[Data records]
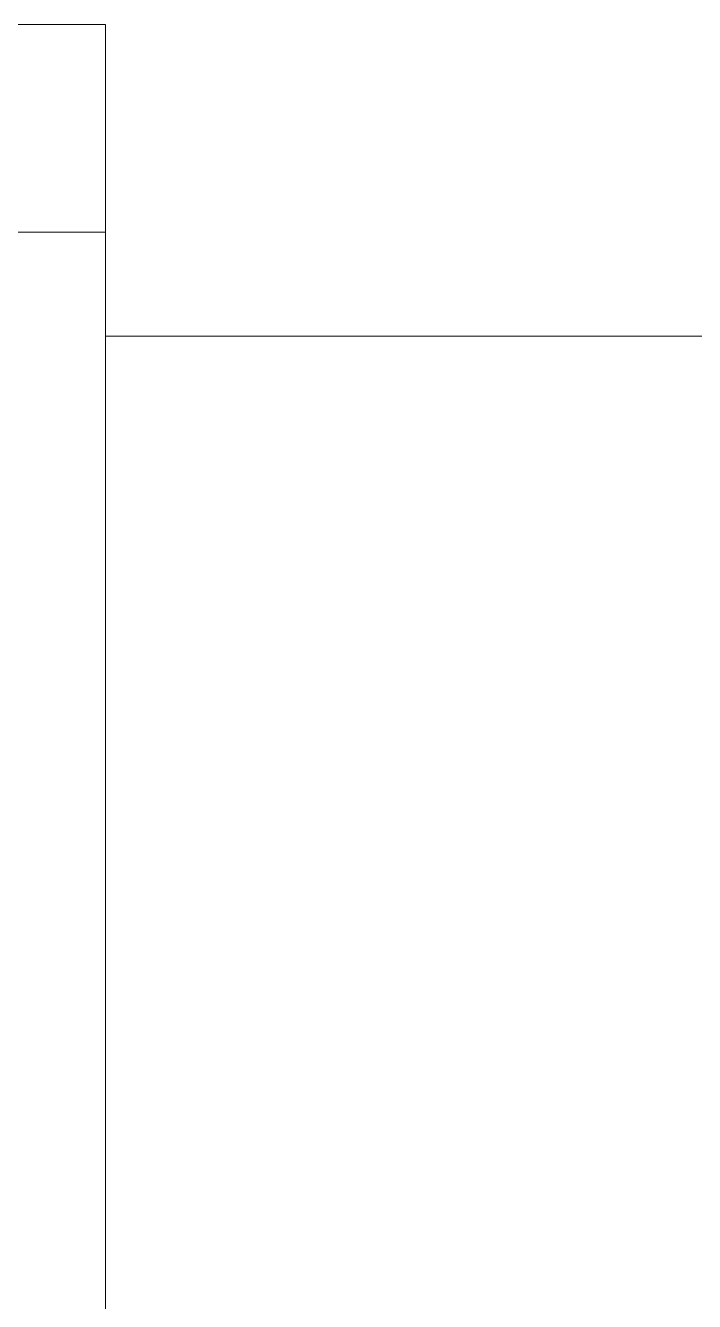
# Model space of a CAD drawing. Header units: millimetres. Extents: x -220592 to 404889, y -217665 to 38245.
# Drawn here: x -978.78 to -972.34, y -1296.68 to -1284.4 of the extents above; entities that cross this region are included whole.
import ezdxf

# ---------------------------------------------------------------- set-up
doc = ezdxf.new("R2010")
doc.units = ezdxf.units.MM
doc.linetypes.add('XKITLINE00', pattern=[0])
doc.layers.add('000 - 0_HIDE_OBJ_FRAMING_DEF_SUB_1', color=1, linetype='Continuous')

# ---------------------------------------------------------------- blocks, each defined once
blk = doc.blocks.new('*A13471')
at = {"layer": '000 - 0_HIDE_OBJ_FRAMING_DEF_SUB_1', "linetype": 'XKITLINE00', "lineweight": 0}
blk.add_line((-166.903352, 103.570892), (-166.903352, 122.690788), dxfattribs=at)
blk = doc.blocks.new('*A13473')
at = {"layer": '000 - 0_HIDE_OBJ_FRAMING_DEF_SUB_1', "linetype": 'XKITLINE00', "lineweight": 0}
blk.add_line((-166.903362, 103.570891), (-166.90336, 122.690788), dxfattribs=at)
blk = doc.blocks.new('*A13533')
at = {"layer": '000 - 0_HIDE_OBJ_FRAMING_DEF_SUB_1', "linetype": 'XKITLINE00', "lineweight": 0}
for q in [(-166.903349, 122.690788), (-87.063349, 121.690337)]:
    blk.add_line((-166.903349, 121.690337), q, dxfattribs=at)
blk = doc.blocks.new('*A13990')
at = {"layer": '000 - 0_HIDE_OBJ_FRAMING_DEF_SUB_1', "linetype": 'XKITLINE00', "lineweight": 0}
for p, q in [((-170.903349, 124.690788), (-166.903349, 124.690788)), ((-170.903349, 122.690788), (-170.903349, 124.690788)), ((-166.903349, 124.690788), (-166.903349, 122.690788)), ((-166.903349, 122.690788), (-170.903349, 122.690788))]:
    blk.add_line(p, q, dxfattribs=at)

msp = doc.modelspace()

# ---------------------------------------------------------------- block references
at = {"lineweight": 0}
for name in ['*A13471', '*A13473', '*A13533', '*A13990']:
    msp.add_blockref(name, (-811.109, -1409.08), dxfattribs=at)

doc.saveas('drawing.dxf')

#### TASK STATEMENT
Only the lines that contain the string "ezdxf" are to be copied from the records.

#### TASK RESULT
import ezdxf
doc = ezdxf.new("R2010")
doc.units = ezdxf.units.MM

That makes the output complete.